Stellar splashback: the edge of the intracluster light

TL;DR

This study uses simulations to identify the physical boundary of galaxy clusters through the stellar and dark matter distributions, revealing that the intracluster light edge correlates with the splashback radius and can be observed with future telescopes.

Contribution

It demonstrates that the stellar distribution's edge, or ICL, aligns with the dark matter splashback radius, offering a new way to measure cluster boundaries.

Findings

The dark matter splashback radius is at approximately r_200m.

The stellar distribution edge correlates with the dark matter splashback radius.
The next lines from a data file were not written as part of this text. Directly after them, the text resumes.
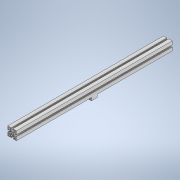
# Autodesk Inventor part: cross_AL_profile
Saved by Autodesk Inventor 2020 (Build 240168000, 168)
## iProperties
Created: 2022-07-15
Part Number: cross_AL_profile
Material: 일반
Document SubType Name: Modeling
Designer: SeungJin
Density: 1 g/cm^3
Appearance: 기본값
Author: SeungJin
Autodesk Inventor part; units mm, degrees
ref_plane "YZ Plane" through (0, 0, 0) normal (1, 0, 0) x (0, 1, 0)
ref_plane "XZ Plane" through (0, 0, 0) normal (0, 1, 0) x (-1, 0, 0)
ref_plane "XY Plane" through (0, 0, 0) normal (0, 0, 1) x (1, 0, 0)
sketch "스케치1" plane through (0, 0, 0) normal (0, 0, 1) x (1, 0, 0)
  line L0 (-15, 15) -> (15, 15)
  line L1 (15, 15) -> (-15, 15)
  line L2 (-15, 15) -> (-15, -15)
  line L3 (-15, -15) -> (15, -15)
  line L4 (15, -15) -> (15, 15)
  line L5 (-15, -15) -> (-5, -15)
  line L6 (-5, -15) -> (-5, -5)
  line L7 (-5, -5) -> (-15, -5)
  line L8 (-15, -5) -> (-15, -15)
  line L9 (-15, 15) -> (-5, 15)
  line L10 (-5, 15) -> (-5, 5)
  line L11 (-5, 5) -> (-15, 5)
  line L12 (-15, 5) -> (-15, 15)
  line L13 (15, -15) -> (5, -15)
  line L14 (5, -15) -> (5, -5)
  line L15 (5, -5) -> (15, -5)
  line L16 (15, -5) -> (15, -15)
  line L17 (15, 15) -> (5, 15)
  line L18 (5, 15) -> (5, 5)
  line L19 (5, 5) -> (15, 5)
  line L20 (15, 5) -> (15, 15)
  line L21 (-13, -7) -> (-7, -7)
  line L22 (-7, -7) -> (-7, -13)
  line L23 (-7, -13) -> (-13, -13)
  line L24 (-13, -13) -> (-13, -7)
  line L25 (-13, 7) -> (-7, 7)
  line L26 (-7, 7) -> (-7, 13)
  line L27 (-7, 13) -> (-13, 13)
  line L28 (-13, 13) -> (-13, 7)
  line L29 (7, -7) -> (7, -13)
  line L30 (7, -13) -> (13, -13)
  line L31 (13, -13) -> (13, -7)
  line L32 (13, -7) -> (7, -7)
  line L33 (7, 7) -> (7, 13)
  line L34 (7, 13) -> (13, 13)
  line L35 (13, 13) -> (13, 7)
  line L36 (13, 7) -> (7, 7)
  line L37 (-5, -15) -> (-3, -15)
  line L38 (-3, -15) -> (-3, -13)
  line L39 (-3, -13) -> (-5, -13)
  line L40 (-5, -13) -> (-5, -15)
  line L41 (5, -15) -> (3, -15)
  line L42 (3, -15) -> (3, -13)
  line L43 (3, -13) -> (5, -13)
  line L44 (5, -13) -> (5, -15)
  line L45 (5, 15) -> (3, 15)
  line L46 (3, 15) -> (3, 13)
  line L47 (3, 13) -> (5, 13)
  line L48 (5, 13) -> (5, 15)
  line L49 (-5, 15) -> (-3, 15)
  line L50 (-3, 15) -> (-3, 13)
  line L51 (-3, 13) -> (-5, 13)
  line L52 (-5, 13) -> (-5, 15)
  line L53 (15, -5) -> (13, -5)
  line L54 (13, -5) -> (13, -3)
  line L55 (13, -3) -> (15, -3)
  line L56 (15, -3) -> (15, -5)
  line L57 (15, 5) -> (13, 5)
  line L58 (13, 5) -> (13, 3)
  line L59 (13, 3) -> (15, 3)
  line L60 (15, 3) -> (15, 5)
  line L61 (-15, -5) -> (-13, -5)
  line L62 (-13, -5) -> (-13, -3)
  line L63 (-13, -3) -> (-15, -3)
  line L64 (-15, -3) -> (-15, -5)
  line L65 (-15, 5) -> (-13, 5)
  line L66 (-13, 5) -> (-13, 3)
  line L67 (-13, 3) -> (-15, 3)
  line L68 (-15, 3) -> (-15, 5)
  line L69 (5, -5) -> (-5, -5)
  line L70 (-5, -5) -> (-5, 5)
  line L71 (-5, 5) -> (5, 5)
  line L72 (5, 5) -> (5, -5)
  line L73 (5, -5) -> (-5, 5) construction
  line L74 (-5, -5) -> (5, 5) construction
  line L75 (-3.5858, -5) -> (-5, -3.5858)
  line L76 (-5, -3.5858) -> (-6.4142, -5)
  line L77 (-6.4142, -5) -> (-5, -6.4142)
  line L78 (-5, -6.4142) -> (-3.5858, -5)
  line L79 (-3.5858, -5) -> (-6.4142, -5) construction
  line L80 (-5, -3.5858) -> (-5, -6.4142) construction
  line L81 (-3.5858, 5) -> (-5, 6.4142)
  line L82 (-5, 6.4142) -> (-6.4142, 5)
  line L83 (-6.4142, 5) -> (-5, 3.5858)
  line L84 (-5, 3.5858) -> (-3.5858, 5)
  line L85 (-3.5858, 5) -> (-6.4142, 5) construction
  line L86 (-5, 6.4142) -> (-5, 3.5858) construction
  line L87 (5, 3.5858) -> (6.4142, 5)
  line L88 (6.4142, 5) -> (5, 6.4142)
  line L89 (5, 6.4142) -> (3.5858, 5)
  line L90 (3.5858, 5) -> (5, 3.5858)
  line L91 (5, 3.5858) -> (5, 6.4142) construction
  line L92 (6.4142, 5) -> (3.5858, 5) construction
  line L93 (5, -3.5858) -> (6.4142, -5)
  line L94 (6.4142, -5) -> (5, -6.4142)
  line L95 (5, -6.4142) -> (3.5858, -5)
  line L96 (3.5858, -5) -> (5, -3.5858)
  line L97 (5, -3.5858) -> (5, -6.4142) construction
  line L98 (6.4142, -5) -> (3.5858, -5) construction
  line L99 (3, 3) -> (-3, 3)
  line L100 (-3, 3) -> (-3, -3)
  line L101 (-3, -3) -> (3, -3)
  line L102 (3, -3) -> (3, 3)
  point P0 (0, 0)
  point P1 (0, 0)
  point P2 (-10, 162)
  point P3 (-10, 162)
  point P4 (-10, 162)
  point P5 (-10, 162)
  point P6 (-18, 162)
  point P7 (-8, 152)
  point P8 (-10, 154)
  point P9 (0, 172)
  point P10 (0, 172)
  point P11 (0, 172)
  point P12 (0, 172)
  point P13 (8, 172)
  point P14 (10, 170)
  point P15 (-2, 182)
  point P16 (0, 180)
  point P17 (0, 162)
  point P18 (0, 162)
  point P19 (0, 162)
  point P20 (0, 162)
  point P21 (8, 162)
  point P22 (0, 154)
  point P23 (-2, 152)
  point P24 (10, 164)
  point P25 (-18, 172)
  point P26 (-10, 180)
  point P27 (-8, 182)
  point P28 (1.4142, 162)
  point P29 (0, 163.4142)
  point P30 (-1.4142, 162)
  point P31 (0, 160.5858)
  point P32 (0, 173.4142)
  point P33 (-1.4142, 172)
  point P34 (0, 170.5858)
  point P35 (1.4142, 172)
  point P36 (-11.4142, 172)
  point P37 (-10, 170.5858)
  point P38 (-8.5858, 172)
  point P39 (-10, 173.4142)
  point P40 (-10, 160.5858)
  point P41 (-8.5858, 162)
  point P42 (-10, 163.4142)
  point P43 (-11.4142, 162)
  point P44 (-18, 162)
  point P45 (-20, 162)
  point P46 (-10, 152)
  point P47 (-20, 182)
  point P48 (-20, 164)
  point P49 (-20, 164)
  point P50 (-20, 162)
  point P51 (-20, 170)
  point P52 (0, 0)
  point P53 (5, 15)
  dimension "d0" = 30
  dimension "d1" = 10
  dimension "d2" = 10
  dimension "d3" = 10
  dimension "d4" = 10
  dimension "d5" = 10
  dimension "d6" = 10
  dimension "d7" = 10
  dimension "d8" = 10
  dimension "d9" = 2
  dimension "d10" = 2
  dimension "d11" = 2
  dimension "d12" = 2
  dimension "d13" = 2
  dimension "d14" = 2
  dimension "d15" = 2
  dimension "d16" = 2
  dimension "d17" = 2
  dimension "d18" = 2
  dimension "d19" = 2
  dimension "d20" = 2
  dimension "d21" = 2
  dimension "d22" = 2
  dimension "d23" = 2
  dimension "d24" = 2
  dimension "d25" = 2
  dimension "d26" = 2
  dimension "d27" = 2
  dimension "d28" = 2
  dimension "d29" = 2
  dimension "d30" = 2
  dimension "d31" = 2
  dimension "d32" = 2
  dimension "d33" = 2
  dimension "d34" = 2
  dimension "d35" = 2
  dimension "d36" = 2
  dimension "d37" = 2
  constraints: 206 end point, 48 parallel, 23 perpendicular, 15 horizontal, 11 midpoint, 1 coincident, 15 other
  measures "d0" distance of L5.start L1.end
  measures "d1" distance of L61.start L7.start
  measures "d2" distance of L7.start L5.end
  measures "d3" distance of L10.end L11.end
  measures "d4" distance of L52.end L10.end
  measures "d5" distance of L14.end L15.end
  measures "d6" distance of L13.end L14.end
  measures "d7" distance of L57.start L19.start
  measures "d8" distance of L19.start L17.end
  measures "d9" distance between parallel lines of L7 L21
  measures "d10" distance between parallel lines of L11 L25
  measures "d11" distance between parallel lines of L14 L29
  measures "d12" distance between parallel lines of L18 L33
  measures "d13" distance of L39.end L38.end
  measures "d14" distance of L38.end L38.start
  measures "d15" distance of L43.start L43.end
  measures "d16" distance of L41.end L43.start
  measures "d17" distance of L48.start L46.end
  measures "d18" distance of L46.end L46.start
  measures "d19" distance of L51.start L51.end
  measures "d20" distance of L50.start L51.start
  measures "d21" distance of L55.start L55.end
  measures "d22" distance of L54.start L55.start
  measures "d23" distance of L59.end L58.end
  measures "d24" distance of L58.end L58.start
  measures "d25" distance of L63.end L63.start
  measures "d26" distance of L63.start L62.start
  measures "d27" distance of L66.end L68.start
  measures "d28" distance of L66.start L66.end
  measures "d29" distance of L78.end L80.start
  measures "d30" distance of L77.start L80.start
  measures "d31" distance of L81.start L81.end
  measures "d32" distance of L82.end L81.end
  measures "d33" distance of L87.start L87.end
  measures "d34" distance of L91.end L87.end
  measures "d35" distance of L96.end L93.end
  measures "d36" distance of L93.end L97.end
  measures "d37" distance between parallel lines of L71 L99
extrude "돌출1" add sketch "스케치1" against normal blind 540 contours L0 L10 L82 L11 L2 | L0 L50 L51 L10 | L11 L66 L67 L2 | L0 L18 L47 L46 | L81 L71 L10 | L10 L11 L82 | L63 L62 L7 L2 | L11 L70 L83 | L0 L4 L19 L88 L18 | L71 L84 L70 | L71 L90 L72 L96 L69 L75 L70 L84 | L7 L77 L6 L3 L2 | L89 L18 L71 | L71 L72 L90 | L75 L69 L70 | L70 L7 L76 | L4 L59 L58 L19 | L88 L19 L18 | L19 L87 L72 | L6 L39 L38 L3 | L7 L6 L77 | L69 L78 L6 | L93 L15 L72 | L72 L69 L96 | L69 L14 L95 | L4 L15 L54 L55 | L15 L94 L14 | L15 L4 L3 L14 L94 | L42 L43 L14 L3
sketch "스케치2" plane through (3, -15, 0) normal (0, -1, 0) x (1, 0, 0)
  line L0 (12, 0) -> (12, -540) projected
  line L1 (-18, 0) -> (-18, -540) projected
  line L2 (-18, 0) -> (-6, 0) projected
  line L3 (0, 0) -> (12, 0) projected
  line L4 (-6, -540) -> (-18, -540) projected
  line L5 (12, -540) -> (0, -540) projected
  line L6 (0.5858, -540) -> (-6.5858, -540) projected
  line L7 (-6.5858, 0) -> (0.5858, 0) projected
  line L8 (-18, 0) -> (-18, -540) projected
  line L9 (12, -260) -> (-18, -260)
  line L10 (-18, -260) -> (-18, -280)
  line L11 (-18, -280) -> (12, -280)
  line L12 (12, -280) -> (12, -260)
  line L13 (12, -260) -> (-18, -280) construction
  line L14 (-18, -260) -> (12, -280) construction
  point P0 (-3, 0)
  point P1 (-3, -270)
  point P2 (-3, -270)
  point P3 (12, -270)
  dimension "d192" = 20
  constraints: 12 end point, 4 midpoint, 2 parallel, 1 horizontal, 1 horizontal alignment, 1 perpendicular, 1 point on line
  measures "d192" distance of L10.end L9.end
extrude "돌출2" add sketch "스케치2" along normal blind 10 contours L0 L11 L1 L9

Upcoming telescopes can observe the faint stellar splashback feature.

Abstract

We examine the outskirts of galaxy clusters in the C-EAGLE simulations to quantify the `edges' of the stellar and dark matter distribution. The radius of the steepest slope in the dark matter, commonly used as a proxy for the splashback radius, is located at ~r_200m; the strength and location of this feature depends on the recent mass accretion rate, in good agreement with previous work. Interestingly, the stellar distribution (or intracluster light, ICL) also has a well-defined edge, which is directly related to the splashback radius of the halo. Thus, detecting the edge of the ICL can provide an independent measure of the physical boundary of the halo, and the recent mass accretion rate. We show that these caustics can also be seen in the projected density profiles, but care must be taken to account for the influence of substructures and other non-diffuse material, which can bias and/or weaken the signal of the steepest slope. This is particularly important for the stellar material, which has a higher fraction bound in subhaloes than the dark matter. Finally, we show that the `stellar splashback' feature is located beyond current observational constraints on the ICL, but these large projected distances (>> 1 Mpc) and low surface brightnesses (mu >> 32 mag/arcsec^2) can be reached with upcoming observational facilities such as the Vera C. Rubin Observatory, the Nancy Grace Roman Space Telescope, and Euclid.